Treatment challenges

In my opinion, I think the biggest challenge in treating the deep pyriform space is ensuring accurate product placement without uncontrolled product spread. I have noticed that I do not get the same level of volumisation and therefore optimal aesthetic outcome if the needle is not touching the bone before I inject. It can be difficult to hit the bone if you are approaching from a very low angle of injection as I suggested above, but I believe this comes with practice and confidence.

If your product is injected too superiorly then there is a higher risk of compression or occlusion of the infraorbital artery.4,15 If your product is injected too low (inferior to the nasal alar) then there is a chance that it may be deposited in the alveolar mucosa. To avoid these two scenarios, I ensure that the end of my needle is parallel with the widest point of the nasal alar.

After treating the deep pyriform space, there may be a residual nasolabial fold and you can treat this accordingly to optimise the aesthetic outcome for mid-face rejuvenation (Figure 3).

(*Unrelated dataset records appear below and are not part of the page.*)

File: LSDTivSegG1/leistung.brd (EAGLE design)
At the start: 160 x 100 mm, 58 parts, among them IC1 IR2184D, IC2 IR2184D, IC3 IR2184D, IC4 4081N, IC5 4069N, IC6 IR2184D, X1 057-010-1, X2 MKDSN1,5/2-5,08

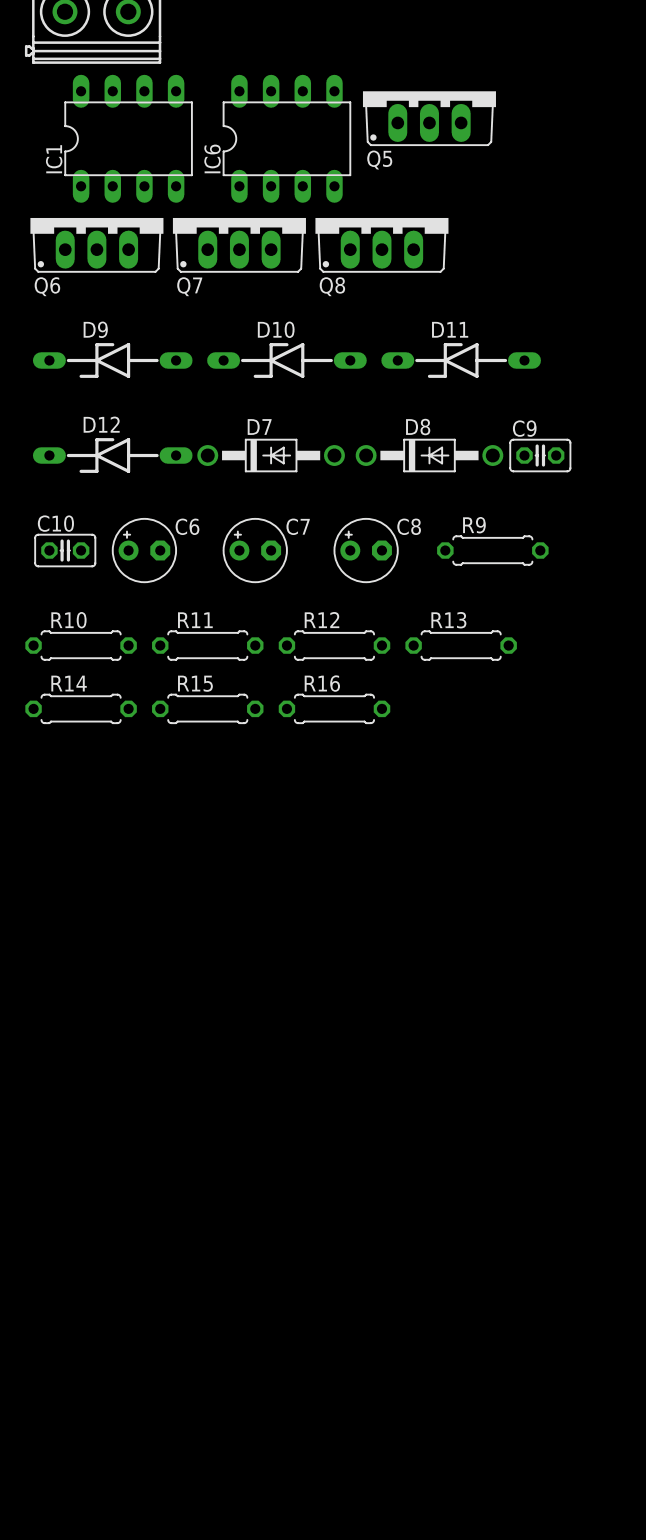
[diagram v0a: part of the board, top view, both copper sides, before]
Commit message: changed naming high/low voltage area
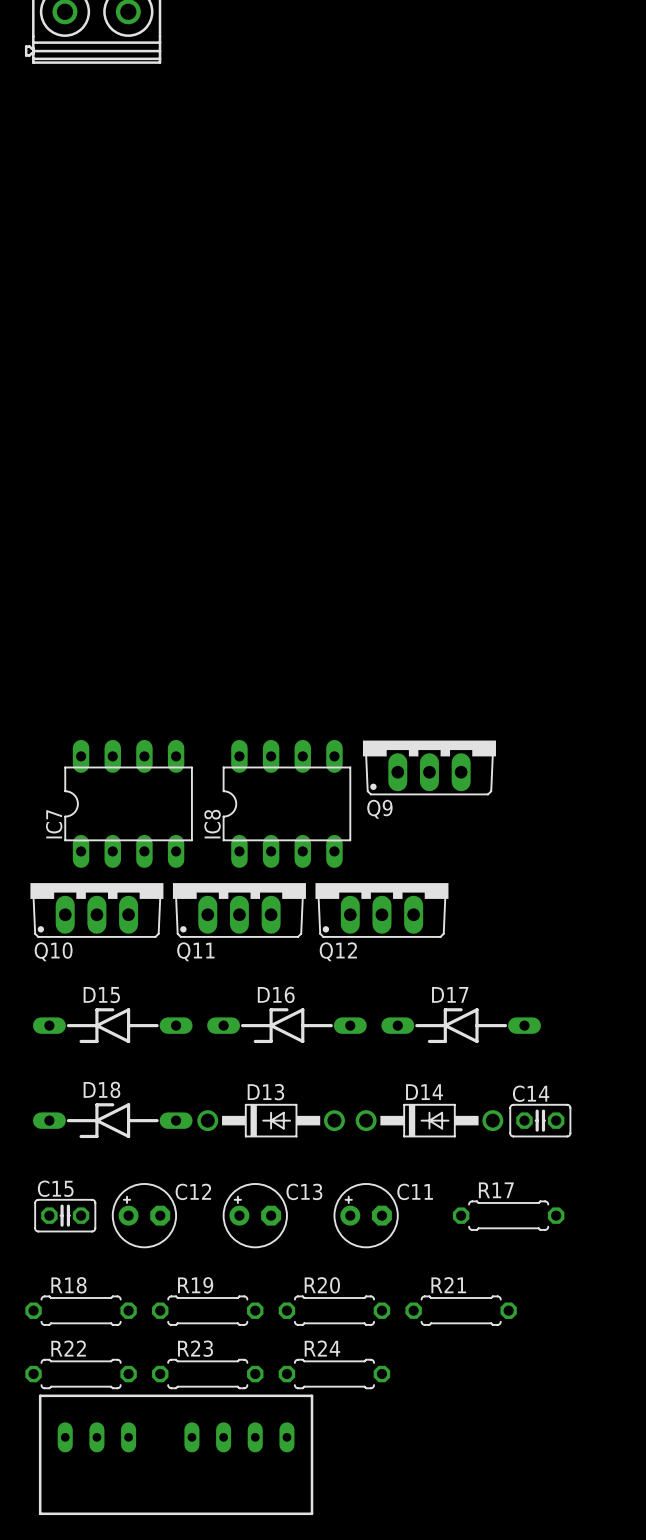
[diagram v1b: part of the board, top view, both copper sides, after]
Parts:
- removed C10, C9: 100n, rcl:C025-025X050
- removed C6: 10u, rcl:E2,5-5
- removed C7, C8: 1u, rcl:E2,5-5
- removed D10, D11, D12, D9: 18, diode:ZDIO-10
- removed D7, D8: 1N4001, diode:DO41-10
- removed IC1, IC6: IR2184D, irs:DIL08
- removed Q5, Q6, Q7, Q8: (no value), transistor-power:TO220BV
- removed R10, R11, R12, R9: 10, rcl:0207/7
- removed R13, R14, R15, R16: 47k, rcl:0207/7
- added C11: 10u, rcl:E2,5-5
- added C12, C13: 1u, rcl:E2,5-5
- added C14, C15: 100n, rcl:C025-025X050
- added D13, D14: 1N4001, diode:DO41-10
- added D15, D16, D17, D18: 18, diode:ZDIO-10
- added DC1: TMR, traco_tmr:TRACO_SIP-8
- added IC7, IC8: IR2184D, irs:DIL08
- added Q10, Q11, Q12, Q9: (no value), transistor-power:TO220BV
- added R17, R18, R19, R20: 10, rcl:0207/7
- added R21, R22, R23, R24: 47k, rcl:0207/7
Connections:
- net BAT_PWM_OUT renamed BAT_PWM_OUT_CTL
- removed net 5V_OUT: X1.1
- removed net GND_OUT: X1.3
- removed net N$13: D10.C, Q6.G, R10.2, R15.1
- removed net N$14: D9.C, Q5.G, R16.2, R9.2
- removed net N$17: D12.C, Q7.G, R12.1, R13.2
- removed net N$18: D11.C, Q8.G, R11.1, R14.1
- removed net N$25: IC1.4, R10.1
- removed net N$26: IC1.7, R9.1
- removed net N$27: IC6.7, R12.2
- removed net N$28: IC6.4, R11.2
- new net 5V_OUT_CTL: DC1.6, X1.1
- new net DIRL_IN_CTL: X1.5
- new net DIRR_INV: IC8.1
- new net DIRR_IN_CTL: X1.7
- new net ENABLE_CTL: X1.9
- new net GND_OUT_CTL: DC1.7, X1.3
- new net MOTOR_PWM_L_CTL: X1.2
- new net MOTOR_PWM_R_CTL: X1.4
- new net N$29: D16.C, Q10.G, R18.2, R23.1
- new net N$30: D15.C, Q9.G, R17.2, R24.2
- new net N$31: D18.C, Q11.G, R20.1, R21.2
- new net N$32: D17.C, Q12.G, R19.1, R22.1
- new net N$33: IC7.4, R18.1
- new net N$34: IC7.7, R17.1
- new net N$35: IC8.7, R20.2
- new net N$36: IC8.4, R19.2
- net +15V: now also C14.1, C15.1, D13.A, D14.A, IC7.5, IC8.5; no longer C10.1, C9.1, D7.A, D8.A, IC1.5, IC6.5
- net +24V: now also DC1.2
- net BAT_+: now also C11.+, Q11.D, Q9.D; no longer C6.+, Q5.D, Q7.D
- net BAT_-: now also C11.-, C14.2, C15.2, DC1.1, IC7.3, IC8.3, Q10.S, Q12.S; no longer C10.2, C6.-, C9.2, IC1.3, IC6.3, Q6.S, Q8.S
- net DIRL_IN: no longer IC1.1, X1.5
- net DIRL_INV: no longer IC6.1
- net DIRR_IN: now also IC7.1; no longer X1.7
- net ENABLE: no longer X1.9
- net MOTOR_L_+: no longer C7.-, D10.A, D9.A, IC1.6, Q5.S, Q6.D, R15.2, R16.1
- net MOTOR_L_-: no longer C8.-, D11.A, D12.A, IC6.6, Q7.S, Q8.D, R13.1, R14.2
- net MOTOR_L_ACTIVE: no longer IC1.2, IC6.2
- net MOTOR_PWM_L: no longer X1.2
- net MOTOR_PWM_R: no longer X1.4
- net MOTOR_R_+: now also C12.-, D15.A, D16.A, IC7.6, Q10.D, Q9.S, R23.2, R24.1
- net MOTOR_R_-: now also C13.-, D17.A, D18.A, IC8.6, Q11.S, Q12.D, R21.1, R22.2
- net MOTOR_R_ACTIVE: now also IC7.2, IC8.2
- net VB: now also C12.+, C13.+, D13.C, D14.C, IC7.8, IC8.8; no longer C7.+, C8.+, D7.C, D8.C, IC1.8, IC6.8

Whilst the deep pyriform space is a fairly recently described anatomic space, its significance as an important target for mid-face volumisation is unquestionable. One should appreciate the latest publications on the regional anatomy to ensure maximum safety and confidence when treating this area. There are various injection techniques for treating the space but, in my experience, the technique I have described has yielded a high level of patient satisfaction and safety profile.

I will also stress that treatment of this space is just one aspect that contributes to optimal aesthetic mid-face rejuvenation and it is important to take into consideration other mid-facial regions such as the medial and lateral cheeks. Ultimately, I believe it is highly advantageous for aesthetic practitioners to appreciate that this space exists and, if treated correctly, can demonstrate excellent aesthetic outcomes.